# Shrimp and CO2



## Fishnshrimp2 (Sep 21, 2013)

I have rcs in my 30g planted and wanted to use CO2 on it, but I don't know if the shrimp are really sensitive to it because this will be my first time using Co2 and I do not want to kill them from a mistake. Is it safe to use with the shrimp?


----------



## DUKENDABEARS (Aug 16, 2013)

I've never used it, but I'd say an inexperienced user of it, should not "learn" with livestock in the tank.


----------



## redthumb (Apr 17, 2014)

I would start slowly introducing the co2 maybe like 10sec/bubble and gradually increase daily


----------



## iseethruyou1 (Jun 1, 2012)

I run high co2 in one tank that i throw culls in and ive had my CRS's live but absolutely no reproduction.
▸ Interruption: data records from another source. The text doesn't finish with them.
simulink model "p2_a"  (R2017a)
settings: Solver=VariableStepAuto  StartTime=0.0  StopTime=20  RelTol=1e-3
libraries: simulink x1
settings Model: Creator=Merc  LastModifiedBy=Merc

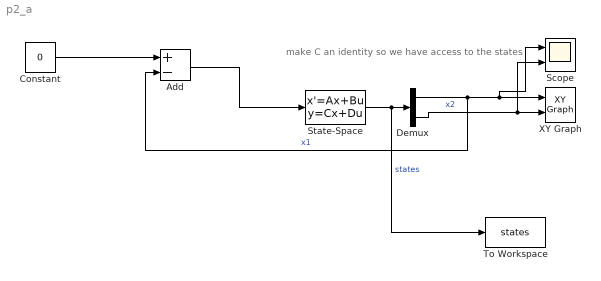
== system p2_a ==
  note: make C an identity so we have access to the states
  Add : Sum  Inputs=+-
  Constant : Constant  Value=0
  Demux : Demux  Outputs=2
  Scope : Scope  NumInputPorts=2
  State-Space : StateSpace  A=[-20, -204; 1 0]  B=[1;0]  C=eye(2)  D=[0;0]  X0=[10;10]  ContinuousStateAttributes={'x1', 'x2'}
  To Workspace : ToWorkspace  VariableName=states  SaveFormat=Timeseries  SampleTime=-1
  XY Graph : simulink/Sinks/XY Graph  xmin=-100  xmax=100  ymin=-100  ymax=100  st=-1
  wires:
  State-Space/1 -> To Workspace/1, Demux/1  "states"
  Demux/1 -> Add/2, Scope/1, XY Graph/1  "x1"
  Demux/2 -> XY Graph/2, Scope/2  "x2"
  Constant/1 -> Add/1
  Add/1 -> State-Space/1

Not sure if fish eat the babies or they just dont have any. never seen any berried tho.
scott


----------



## Tugg (Jul 28, 2013)

If you have fish it will be a combination of babies getting picked off, and females being stressed/harassed. I had to home a few guppies in my shrimp tank and within a week all the berried females lost their eggs and for the duration of the fishes stay there was no reproduction. Within a week of them being separated just about every female berried up.


----------



## Tikulila (Feb 18, 2011)

CO2 is not recommended in a shrimp aquarium, especially if you want the to breed.
But, if it is a planted aquarium, and you are keeping the shrimp there just as a cleaning crew, I think its fine. Just be careful of pH flunctuations .
Do you plan to use DIY or pressurized?


----------